Copy every line in the listing that contains "BuildSketch".

[TASK INPUTS]

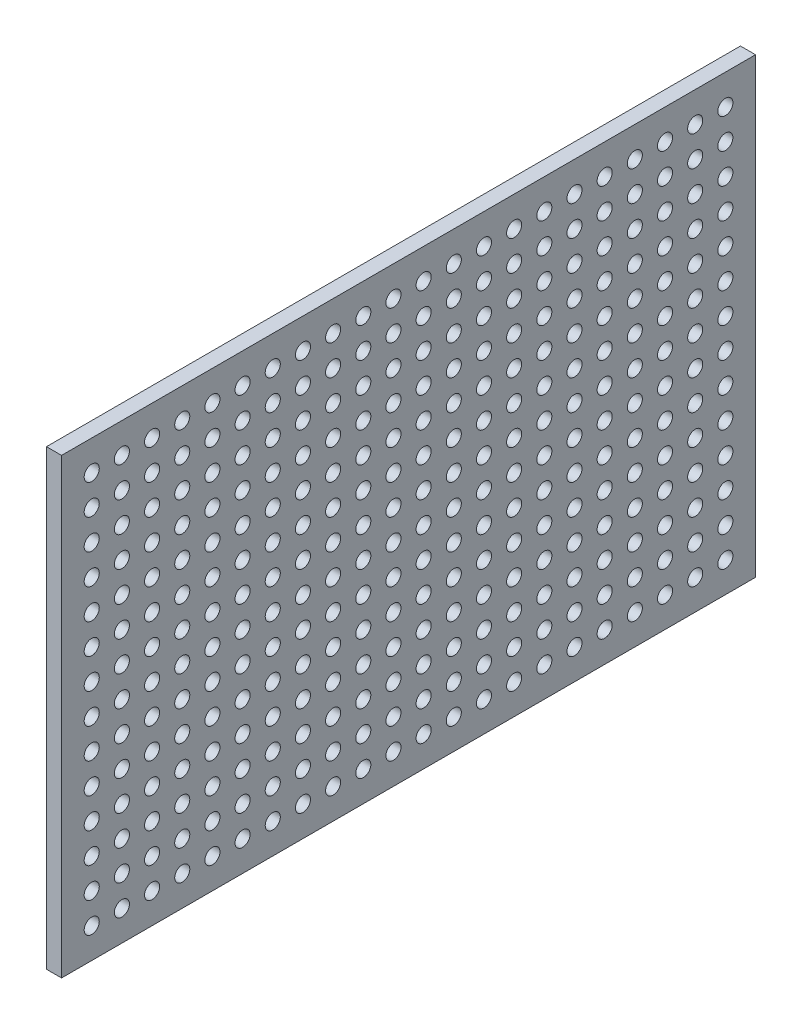
from build123d import *

# Parameters (mm, degrees)
SKIZZE1_W                       = 230
SKIZZE1_H                       = 150
AUFSATZ_LINEAR_AUSTRAGEN1_DEPTH = 5
SKIZZE2_R                       = 2.5
SCHNITT_LINEAR_AUSTRAGEN1_DEPTH = 138.38631664
LINEARES_MUSTER1_OUTLINE_R      = 2.5
LINEARES_MUSTER1_DEPTH          = 5


# Read off the part's stored shape, not the designer's step: Lineares Muster1
with BuildPart() as part:
    # Skizze1 → Aufsatz-Linear austragen1 (new body)
    with BuildSketch(Plane(origin=(0, 0, 0), x_dir=(0, 0, -1), z_dir=(1, 0, 0))):
        Rectangle(SKIZZE1_W, SKIZZE1_H)
    extrude(amount=AUFSATZ_LINEAR_AUSTRAGEN1_DEPTH)

    # Skizze2 → Schnitt-Linear austragen1 (cut, through all)
    with BuildSketch(Plane(origin=(5, 0, 0), x_dir=(0, 0, -1), z_dir=(1, 0, 0))):
        with Locations((-105, 65)):
            Circle(SKIZZE2_R)
    extrude(amount=-SCHNITT_LINEAR_AUSTRAGEN1_DEPTH, mode=Mode.SUBTRACT)

    # Lineares Muster1 outline → Lineares Muster1 (cut)
    with BuildSketch(Plane.YZ):
        with Locations((55, 105)):
            Circle(LINEARES_MUSTER1_OUTLINE_R)
        with Locations((45, 105)):
            Circle(LINEARES_MUSTER1_OUTLINE_R)
        with Locations((35, 105)):
            Circle(LINEARES_MUSTER1_OUTLINE_R)
        with Locations((25, 105)):
            Circle(LINEARES_MUSTER1_OUTLINE_R)
        with Locations((15, 105)):
            Circle(LINEARES_MUSTER1_OUTLINE_R)
        with Locations((5, 105)):
            Circle(LINEARES_MUSTER1_OUTLINE_R)
        with Locations((-5, 105)):
            Circle(LINEARES_MUSTER1_OUTLINE_R)
        with Locations((-15, 105)):
            Circle(LINEARES_MUSTER1_OUTLINE_R)
        with Locations((-25, 105)):
            Circle(LINEARES_MUSTER1_OUTLINE_R)
        with Locations((-35, 105)):
            Circle(LINEARES_MUSTER1_OUTLINE_R)
        with Locations((-45, 105)):
            Circle(LINEARES_MUSTER1_OUTLINE_R)
        with Locations((-55, 105)):
            Circle(LINEARES_MUSTER1_OUTLINE_R)
        with Locations((-65, 105)):
            Circle(LINEARES_MUSTER1_OUTLINE_R)
        with Locations((65, 95)):
            Circle(LINEARES_MUSTER1_OUTLINE_R)
        with Locations((55, 95)):
            Circle(LINEARES_MUSTER1_OUTLINE_R)
        with Locations((45, 95)):
            Circle(LINEARES_MUSTER1_OUTLINE_R)
        with Locations((35, 95)):
            Circle(LINEARES_MUSTER1_OUTLINE_R)
        with Locations((25, 95)):
            Circle(LINEARES_MUSTER1_OUTLINE_R)
        with Locations((15, 95)):
            Circle(LINEARES_MUSTER1_OUTLINE_R)
        with Locations((5, 95)):
            Circle(LINEARES_MUSTER1_OUTLINE_R)
        with Locations((-5, 95)):
            Circle(LINEARES_MUSTER1_OUTLINE_R)
        with Locations((-15, 95)):
            Circle(LINEARES_MUSTER1_OUTLINE_R)
        with Locations((-25, 95)):
            Circle(LINEARES_MUSTER1_OUTLINE_R)
        with Locations((-35, 95)):
            Circle(LINEARES_MUSTER1_OUTLINE_R)
        with Locations((-45, 95)):
            Circle(LINEARES_MUSTER1_OUTLINE_R)
        with Locations((-55, 95)):
            Circle(LINEARES_MUSTER1_OUTLINE_R)
        with Locations((-65, 95)):
            Circle(LINEARES_MUSTER1_OUTLINE_R)
        with Locations((65, 85)):
            Circle(LINEARES_MUSTER1_OUTLINE_R)
        with Locations((55, 85)):
            Circle(LINEARES_MUSTER1_OUTLINE_R)
        with Locations((45, 85)):
            Circle(LINEARES_MUSTER1_OUTLINE_R)
        with Locations((35, 85)):
            Circle(LINEARES_MUSTER1_OUTLINE_R)
        with Locations((25, 85)):
            Circle(LINEARES_MUSTER1_OUTLINE_R)
        with Locations((15, 85)):
            Circle(LINEARES_MUSTER1_OUTLINE_R)
        with Locations((5, 85)):
            Circle(LINEARES_MUSTER1_OUTLINE_R)
        with Locations((-5, 85)):
            Circle(LINEARES_MUSTER1_OUTLINE_R)
        with Locations((-15, 85)):
            Circle(LINEARES_MUSTER1_OUTLINE_R)
        with Locations((-25, 85)):
            Circle(LINEARES_MUSTER1_OUTLINE_R)
        with Locations((-35, 85)):
            Circle(LINEARES_MUSTER1_OUTLINE_R)
        with Locations((-45, 85)):
            Circle(LINEARES_MUSTER1_OUTLINE_R)
        with Locations((-55, 85)):
            Circle(LINEARES_MUSTER1_OUTLINE_R)
        with Locations((-65, 85)):
            Circle(LINEARES_MUSTER1_OUTLINE_R)
        with Locations((65, 75)):
            Circle(LINEARES_MUSTER1_OUTLINE_R)
        with Locations((55, 75)):
            Circle(LINEARES_MUSTER1_OUTLINE_R)
        with Locations((45, 75)):
            Circle(LINEARES_MUSTER1_OUTLINE_R)
        with Locations((35, 75)):
            Circle(LINEARES_MUSTER1_OUTLINE_R)
        with Locations((25, 75)):
            Circle(LINEARES_MUSTER1_OUTLINE_R)
        with Locations((15, 75)):
            Circle(LINEARES_MUSTER1_OUTLINE_R)
        with Locations((5, 75)):
            Circle(LINEARES_MUSTER1_OUTLINE_R)
        with Locations((-5, 75)):
            Circle(LINEARES_MUSTER1_OUTLINE_R)
        with Locations((-15, 75)):
            Circle(LINEARES_MUSTER1_OUTLINE_R)
        with Locations((-25, 75)):
            Circle(LINEARES_MUSTER1_OUTLINE_R)
        with Locations((-35, 75)):
            Circle(LINEARES_MUSTER1_OUTLINE_R)
        with Locations((-45, 75)):
            Circle(LINEARES_MUSTER1_OUTLINE_R)
        with Locations((-55, 75)):
            Circle(LINEARES_MUSTER1_OUTLINE_R)
        with Locations((-65, 75)):
            Circle(LINEARES_MUSTER1_OUTLINE_R)
        with Locations((65, 65)):
            Circle(LINEARES_MUSTER1_OUTLINE_R)
        with Locations((55, 65)):
            Circle(LINEARES_MUSTER1_OUTLINE_R)
        with Locations((45, 65)):
            Circle(LINEARES_MUSTER1_OUTLINE_R)
        with Locations((35, 65)):
            Circle(LINEARES_MUSTER1_OUTLINE_R)
        with Locations((25, 65)):
            Circle(LINEARES_MUSTER1_OUTLINE_R)
        with Locations((15, 65)):
            Circle(LINEARES_MUSTER1_OUTLINE_R)
        with Locations((5, 65)):
            Circle(LINEARES_MUSTER1_OUTLINE_R)
        with Locations((-5, 65)):
            Circle(LINEARES_MUSTER1_OUTLINE_R)
        with Locations((-15, 65)):
            Circle(LINEARES_MUSTER1_OUTLINE_R)
        with Locations((-25, 65)):
            Circle(LINEARES_MUSTER1_OUTLINE_R)
        with Locations((-35, 65)):
            Circle(LINEARES_MUSTER1_OUTLINE_R)
        with Locations((-45, 65)):
            Circle(LINEARES_MUSTER1_OUTLINE_R)
        with Locations((-55, 65)):
            Circle(LINEARES_MUSTER1_OUTLINE_R)
        with Locations((-65, 65)):
            Circle(LINEARES_MUSTER1_OUTLINE_R)
        with Locations((65, 55)):
            Circle(LINEARES_MUSTER1_OUTLINE_R)
        with Locations((55, 55)):
            Circle(LINEARES_MUSTER1_OUTLINE_R)
        with Locations((45, 55)):
            Circle(LINEARES_MUSTER1_OUTLINE_R)
        with Locations((35, 55)):
            Circle(LINEARES_MUSTER1_OUTLINE_R)
        with Locations((25, 55)):
            Circle(LINEARES_MUSTER1_OUTLINE_R)
        with Locations((15, 55)):
            Circle(LINEARES_MUSTER1_OUTLINE_R)
        with Locations((5, 55)):
            Circle(LINEARES_MUSTER1_OUTLINE_R)
        with Locations((-5, 55)):
            Circle(LINEARES_MUSTER1_OUTLINE_R)
        with Locations((-15, 55)):
            Circle(LINEARES_MUSTER1_OUTLINE_R)
        with Locations((-25, 55)):
            Circle(LINEARES_MUSTER1_OUTLINE_R)
        with Locations((-35, 55)):
            Circle(LINEARES_MUSTER1_OUTLINE_R)
        with Locations((-45, 55)):
            Circle(LINEARES_MUSTER1_OUTLINE_R)
        with Locations((-55, 55)):
            Circle(LINEARES_MUSTER1_OUTLINE_R)
        with Locations((-65, 55)):
            Circle(LINEARES_MUSTER1_OUTLINE_R)
        with Locations((65, 45)):
            Circle(LINEARES_MUSTER1_OUTLINE_R)
        with Locations((55, 45)):
            Circle(LINEARES_MUSTER1_OUTLINE_R)
        with Locations((45, 45)):
            Circle(LINEARES_MUSTER1_OUTLINE_R)
        with Locations((35, 45)):
            Circle(LINEARES_MUSTER1_OUTLINE_R)
        with Locations((25, 45)):
            Circle(LINEARES_MUSTER1_OUTLINE_R)
        with Locations((15, 45)):
            Circle(LINEARES_MUSTER1_OUTLINE_R)
        with Locations((5, 45)):
            Circle(LINEARES_MUSTER1_OUTLINE_R)
        with Locations((-5, 45)):
            Circle(LINEARES_MUSTER1_OUTLINE_R)
        with Locations((-15, 45)):
            Circle(LINEARES_MUSTER1_OUTLINE_R)
        with Locations((-25, 45)):
            Circle(LINEARES_MUSTER1_OUTLINE_R)
        with Locations((-35, 45)):
            Circle(LINEARES_MUSTER1_OUTLINE_R)
        with Locations((-45, 45)):
            Circle(LINEARES_MUSTER1_OUTLINE_R)
        with Locations((-55, 45)):
            Circle(LINEARES_MUSTER1_OUTLINE_R)
        with Locations((-65, 45)):
            Circle(LINEARES_MUSTER1_OUTLINE_R)
        with Locations((65, 35)):
            Circle(LINEARES_MUSTER1_OUTLINE_R)
        with Locations((55, 35)):
            Circle(LINEARES_MUSTER1_OUTLINE_R)
        with Locations((45, 35)):
            Circle(LINEARES_MUSTER1_OUTLINE_R)
        with Locations((35, 35)):
            Circle(LINEARES_MUSTER1_OUTLINE_R)
        with Locations((25, 35)):
            Circle(LINEARES_MUSTER1_OUTLINE_R)
        with Locations((15, 35)):
            Circle(LINEARES_MUSTER1_OUTLINE_R)
        with Locations((5, 35)):
            Circle(LINEARES_MUSTER1_OUTLINE_R)
        with Locations((-5, 35)):
            Circle(LINEARES_MUSTER1_OUTLINE_R)
        with Locations((-15, 35)):
            Circle(LINEARES_MUSTER1_OUTLINE_R)
        with Locations((-25, 35)):
            Circle(LINEARES_MUSTER1_OUTLINE_R)
        with Locations((-35, 35)):
            Circle(LINEARES_MUSTER1_OUTLINE_R)
        with Locations((-45, 35)):
            Circle(LINEARES_MUSTER1_OUTLINE_R)
        with Locations((-55, 35)):
            Circle(LINEARES_MUSTER1_OUTLINE_R)
        with Locations((-65, 35)):
            Circle(LINEARES_MUSTER1_OUTLINE_R)
        with Locations((65, 25)):
            Circle(LINEARES_MUSTER1_OUTLINE_R)
        with Locations((55, 25)):
            Circle(LINEARES_MUSTER1_OUTLINE_R)
        with Locations((45, 25)):
            Circle(LINEARES_MUSTER1_OUTLINE_R)
        with Locations((35, 25)):
            Circle(LINEARES_MUSTER1_OUTLINE_R)
        with Locations((25, 25)):
            Circle(LINEARES_MUSTER1_OUTLINE_R)
        with Locations((15, 25)):
            Circle(LINEARES_MUSTER1_OUTLINE_R)
        with Locations((5, 25)):
            Circle(LINEARES_MUSTER1_OUTLINE_R)
        with Locations((-5, 25)):
            Circle(LINEARES_MUSTER1_OUTLINE_R)
        with Locations((-15, 25)):
            Circle(LINEARES_MUSTER1_OUTLINE_R)
        with Locations((-25, 25)):
            Circle(LINEARES_MUSTER1_OUTLINE_R)
        with Locations((-35, 25)):
            Circle(LINEARES_MUSTER1_OUTLINE_R)
        with Locations((-45, 25)):
            Circle(LINEARES_MUSTER1_OUTLINE_R)
        with Locations((-55, 25)):
            Circle(LINEARES_MUSTER1_OUTLINE_R)
        with Locations((-65, 25)):
            Circle(LINEARES_MUSTER1_OUTLINE_R)
        with Locations((65, 15)):
            Circle(LINEARES_MUSTER1_OUTLINE_R)
        with Locations((55, 15)):
            Circle(LINEARES_MUSTER1_OUTLINE_R)
        with Locations((45, 15)):
            Circle(LINEARES_MUSTER1_OUTLINE_R)
        with Locations((35, 15)):
            Circle(LINEARES_MUSTER1_OUTLINE_R)
        with Locations((25, 15)):
            Circle(LINEARES_MUSTER1_OUTLINE_R)
        with Locations((15, 15)):
            Circle(LINEARES_MUSTER1_OUTLINE_R)
        with Locations((5, 15)):
            Circle(LINEARES_MUSTER1_OUTLINE_R)
        with Locations((-5, 15)):
            Circle(LINEARES_MUSTER1_OUTLINE_R)
        with Locations((-15, 15)):
            Circle(LINEARES_MUSTER1_OUTLINE_R)
        with Locations((-25, 15)):
            Circle(LINEARES_MUSTER1_OUTLINE_R)
        with Locations((-35, 15)):
            Circle(LINEARES_MUSTER1_OUTLINE_R)
        with Locations((-45, 15)):
            Circle(LINEARES_MUSTER1_OUTLINE_R)
        with Locations((-55, 15)):
            Circle(LINEARES_MUSTER1_OUTLINE_R)
        with Locations((-65, 15)):
            Circle(LINEARES_MUSTER1_OUTLINE_R)
        with Locations((65, 5)):
            Circle(LINEARES_MUSTER1_OUTLINE_R)
        with Locations((55, 5)):
            Circle(LINEARES_MUSTER1_OUTLINE_R)
        with Locations((45, 5)):
            Circle(LINEARES_MUSTER1_OUTLINE_R)
        with Locations((35, 5)):
            Circle(LINEARES_MUSTER1_OUTLINE_R)
        with Locations((25, 5)):
            Circle(LINEARES_MUSTER1_OUTLINE_R)
        with Locations((15, 5)):
            Circle(LINEARES_MUSTER1_OUTLINE_R)
        with Locations((5, 5)):
            Circle(LINEARES_MUSTER1_OUTLINE_R)
        with Locations((-5, 5)):
            Circle(LINEARES_MUSTER1_OUTLINE_R)
        with Locations((-15, 5)):
            Circle(LINEARES_MUSTER1_OUTLINE_R)
        with Locations((-25, 5)):
            Circle(LINEARES_MUSTER1_OUTLINE_R)
        with Locations((-35, 5)):
            Circle(LINEARES_MUSTER1_OUTLINE_R)
        with Locations((-45, 5)):
            Circle(LINEARES_MUSTER1_OUTLINE_R)
        with Locations((-55, 5)):
            Circle(LINEARES_MUSTER1_OUTLINE_R)
        with Locations((-65, 5)):
            Circle(LINEARES_MUSTER1_OUTLINE_R)
        with Locations((65, -5)):
            Circle(LINEARES_MUSTER1_OUTLINE_R)
        with Locations((55, -5)):
            Circle(LINEARES_MUSTER1_OUTLINE_R)
        with Locations((45, -5)):
            Circle(LINEARES_MUSTER1_OUTLINE_R)
        with Locations((35, -5)):
            Circle(LINEARES_MUSTER1_OUTLINE_R)
        with Locations((25, -5)):
            Circle(LINEARES_MUSTER1_OUTLINE_R)
        with Locations((15, -5)):
            Circle(LINEARES_MUSTER1_OUTLINE_R)
        with Locations((5, -5)):
            Circle(LINEARES_MUSTER1_OUTLINE_R)
        with Locations((-5, -5)):
            Circle(LINEARES_MUSTER1_OUTLINE_R)
        with Locations((-15, -5)):
            Circle(LINEARES_MUSTER1_OUTLINE_R)
        with Locations((-25, -5)):
            Circle(LINEARES_MUSTER1_OUTLINE_R)
        with Locations((-35, -5)):
            Circle(LINEARES_MUSTER1_OUTLINE_R)
        with Locations((-45, -5)):
            Circle(LINEARES_MUSTER1_OUTLINE_R)
        with Locations((-55, -5)):
            Circle(LINEARES_MUSTER1_OUTLINE_R)
        with Locations((-65, -5)):
            Circle(LINEARES_MUSTER1_OUTLINE_R)
        with Locations((65, -15)):
            Circle(LINEARES_MUSTER1_OUTLINE_R)
        with Locations((55, -15)):
            Circle(LINEARES_MUSTER1_OUTLINE_R)
        with Locations((45, -15)):
            Circle(LINEARES_MUSTER1_OUTLINE_R)
        with Locations((35, -15)):
            Circle(LINEARES_MUSTER1_OUTLINE_R)
        with Locations((25, -15)):
            Circle(LINEARES_MUSTER1_OUTLINE_R)
        with Locations((15, -15)):
            Circle(LINEARES_MUSTER1_OUTLINE_R)
        with Locations((5, -15)):
            Circle(LINEARES_MUSTER1_OUTLINE_R)
        with Locations((-5, -15)):
            Circle(LINEARES_MUSTER1_OUTLINE_R)
        with Locations((-15, -15)):
            Circle(LINEARES_MUSTER1_OUTLINE_R)
        with Locations((-25, -15)):
            Circle(LINEARES_MUSTER1_OUTLINE_R)
        with Locations((-35, -15)):
            Circle(LINEARES_MUSTER1_OUTLINE_R)
        with Locations((-45, -15)):
            Circle(LINEARES_MUSTER1_OUTLINE_R)
        with Locations((-55, -15)):
            Circle(LINEARES_MUSTER1_OUTLINE_R)
        with Locations((-65, -15)):
            Circle(LINEARES_MUSTER1_OUTLINE_R)
        with Locations((65, -25)):
            Circle(LINEARES_MUSTER1_OUTLINE_R)
        with Locations((55, -25)):
            Circle(LINEARES_MUSTER1_OUTLINE_R)
        with Locations((45, -25)):
            Circle(LINEARES_MUSTER1_OUTLINE_R)
        with Locations((35, -25)):
            Circle(LINEARES_MUSTER1_OUTLINE_R)
        with Locations((25, -25)):
            Circle(LINEARES_MUSTER1_OUTLINE_R)
        with Locations((15, -25)):
            Circle(LINEARES_MUSTER1_OUTLINE_R)
        with Locations((5, -25)):
            Circle(LINEARES_MUSTER1_OUTLINE_R)
        with Locations((-5, -25)):
            Circle(LINEARES_MUSTER1_OUTLINE_R)
        with Locations((-15, -25)):
            Circle(LINEARES_MUSTER1_OUTLINE_R)
        with Locations((-25, -25)):
            Circle(LINEARES_MUSTER1_OUTLINE_R)
        with Locations((-35, -25)):
            Circle(LINEARES_MUSTER1_OUTLINE_R)
        with Locations((-45, -25)):
            Circle(LINEARES_MUSTER1_OUTLINE_R)
        with Locations((-55, -25)):
            Circle(LINEARES_MUSTER1_OUTLINE_R)
        with Locations((-65, -25)):
            Circle(LINEARES_MUSTER1_OUTLINE_R)
        with Locations((65, -35)):
            Circle(LINEARES_MUSTER1_OUTLINE_R)
        with Locations((55, -35)):
            Circle(LINEARES_MUSTER1_OUTLINE_R)
        with Locations((45, -35)):
            Circle(LINEARES_MUSTER1_OUTLINE_R)
        with Locations((35, -35)):
            Circle(LINEARES_MUSTER1_OUTLINE_R)
        with Locations((25, -35)):
            Circle(LINEARES_MUSTER1_OUTLINE_R)
        with Locations((15, -35)):
            Circle(LINEARES_MUSTER1_OUTLINE_R)
        with Locations((5, -35)):
            Circle(LINEARES_MUSTER1_OUTLINE_R)
        with Locations((-5, -35)):
            Circle(LINEARES_MUSTER1_OUTLINE_R)
        with Locations((-15, -35)):
            Circle(LINEARES_MUSTER1_OUTLINE_R)
        with Locations((-25, -35)):
            Circle(LINEARES_MUSTER1_OUTLINE_R)
        with Locations((-35, -35)):
            Circle(LINEARES_MUSTER1_OUTLINE_R)
        with Locations((-45, -35)):
            Circle(LINEARES_MUSTER1_OUTLINE_R)
        with Locations((-55, -35)):
            Circle(LINEARES_MUSTER1_OUTLINE_R)
        with Locations((-65, -35)):
            Circle(LINEARES_MUSTER1_OUTLINE_R)
        with Locations((65, -45)):
            Circle(LINEARES_MUSTER1_OUTLINE_R)
        with Locations((55, -45)):
            Circle(LINEARES_MUSTER1_OUTLINE_R)
        with Locations((45, -45)):
            Circle(LINEARES_MUSTER1_OUTLINE_R)
        with Locations((35, -45)):
            Circle(LINEARES_MUSTER1_OUTLINE_R)
        with Locations((25, -45)):
            Circle(LINEARES_MUSTER1_OUTLINE_R)
        with Locations((15, -45)):
            Circle(LINEARES_MUSTER1_OUTLINE_R)
        with Locations((5, -45)):
            Circle(LINEARES_MUSTER1_OUTLINE_R)
        with Locations((-5, -45)):
            Circle(LINEARES_MUSTER1_OUTLINE_R)
        with Locations((-15, -45)):
            Circle(LINEARES_MUSTER1_OUTLINE_R)
        with Locations((-25, -45)):
            Circle(LINEARES_MUSTER1_OUTLINE_R)
        with Locations((-35, -45)):
            Circle(LINEARES_MUSTER1_OUTLINE_R)
        with Locations((-45, -45)):
            Circle(LINEARES_MUSTER1_OUTLINE_R)
        with Locations((-55, -45)):
            Circle(LINEARES_MUSTER1_OUTLINE_R)
        with Locations((-65, -45)):
            Circle(LINEARES_MUSTER1_OUTLINE_R)
        with Locations((65, -55)):
            Circle(LINEARES_MUSTER1_OUTLINE_R)
        with Locations((55, -55)):
            Circle(LINEARES_MUSTER1_OUTLINE_R)
        with Locations((45, -55)):
            Circle(LINEARES_MUSTER1_OUTLINE_R)
        with Locations((35, -55)):
            Circle(LINEARES_MUSTER1_OUTLINE_R)
        with Locations((25, -55)):
            Circle(LINEARES_MUSTER1_OUTLINE_R)
        with Locations((15, -55)):
            Circle(LINEARES_MUSTER1_OUTLINE_R)
        with Locations((5, -55)):
            Circle(LINEARES_MUSTER1_OUTLINE_R)
        with Locations((-5, -55)):
            Circle(LINEARES_MUSTER1_OUTLINE_R)
        with Locations((-15, -55)):
            Circle(LINEARES_MUSTER1_OUTLINE_R)
        with Locations((-25, -55)):
            Circle(LINEARES_MUSTER1_OUTLINE_R)
        with Locations((-35, -55)):
            Circle(LINEARES_MUSTER1_OUTLINE_R)
        with Locations((-45, -55)):
            Circle(LINEARES_MUSTER1_OUTLINE_R)
        with Locations((-55, -55)):
            Circle(LINEARES_MUSTER1_OUTLINE_R)
        with Locations((-65, -55)):
            Circle(LINEARES_MUSTER1_OUTLINE_R)
        with Locations((65, -65)):
            Circle(LINEARES_MUSTER1_OUTLINE_R)
        with Locations((55, -65)):
            Circle(LINEARES_MUSTER1_OUTLINE_R)
        with Locations((45, -65)):
            Circle(LINEARES_MUSTER1_OUTLINE_R)
        with Locations((35, -65)):
            Circle(LINEARES_MUSTER1_OUTLINE_R)
        with Locations((25, -65)):
            Circle(LINEARES_MUSTER1_OUTLINE_R)
        with Locations((15, -65)):
            Circle(LINEARES_MUSTER1_OUTLINE_R)
        with Locations((5, -65)):
            Circle(LINEARES_MUSTER1_OUTLINE_R)
        with Locations((-5, -65)):
            Circle(LINEARES_MUSTER1_OUTLINE_R)
        with Locations((-15, -65)):
            Circle(LINEARES_MUSTER1_OUTLINE_R)
        with Locations((-25, -65)):
            Circle(LINEARES_MUSTER1_OUTLINE_R)
        with Locations((-35, -65)):
            Circle(LINEARES_MUSTER1_OUTLINE_R)
        with Locations((-45, -65)):
            Circle(LINEARES_MUSTER1_OUTLINE_R)
        with Locations((-55, -65)):
            Circle(LINEARES_MUSTER1_OUTLINE_R)
        with Locations((-65, -65)):
            Circle(LINEARES_MUSTER1_OUTLINE_R)
        with Locations((65, -75)):
            Circle(LINEARES_MUSTER1_OUTLINE_R)
        with Locations((55, -75)):
            Circle(LINEARES_MUSTER1_OUTLINE_R)
        with Locations((45, -75)):
            Circle(LINEARES_MUSTER1_OUTLINE_R)
        with Locations((35, -75)):
            Circle(LINEARES_MUSTER1_OUTLINE_R)
        with Locations((25, -75)):
            Circle(LINEARES_MUSTER1_OUTLINE_R)
        with Locations((15, -75)):
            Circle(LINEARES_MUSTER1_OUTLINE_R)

[/TASK INPUTS]

=== RESULT ===
    with BuildSketch(Plane(origin=(0, 0, 0), x_dir=(0, 0, -1), z_dir=(1, 0, 0))):
    with BuildSketch(Plane(origin=(5, 0, 0), x_dir=(0, 0, -1), z_dir=(1, 0, 0))):
    with BuildSketch(Plane.YZ):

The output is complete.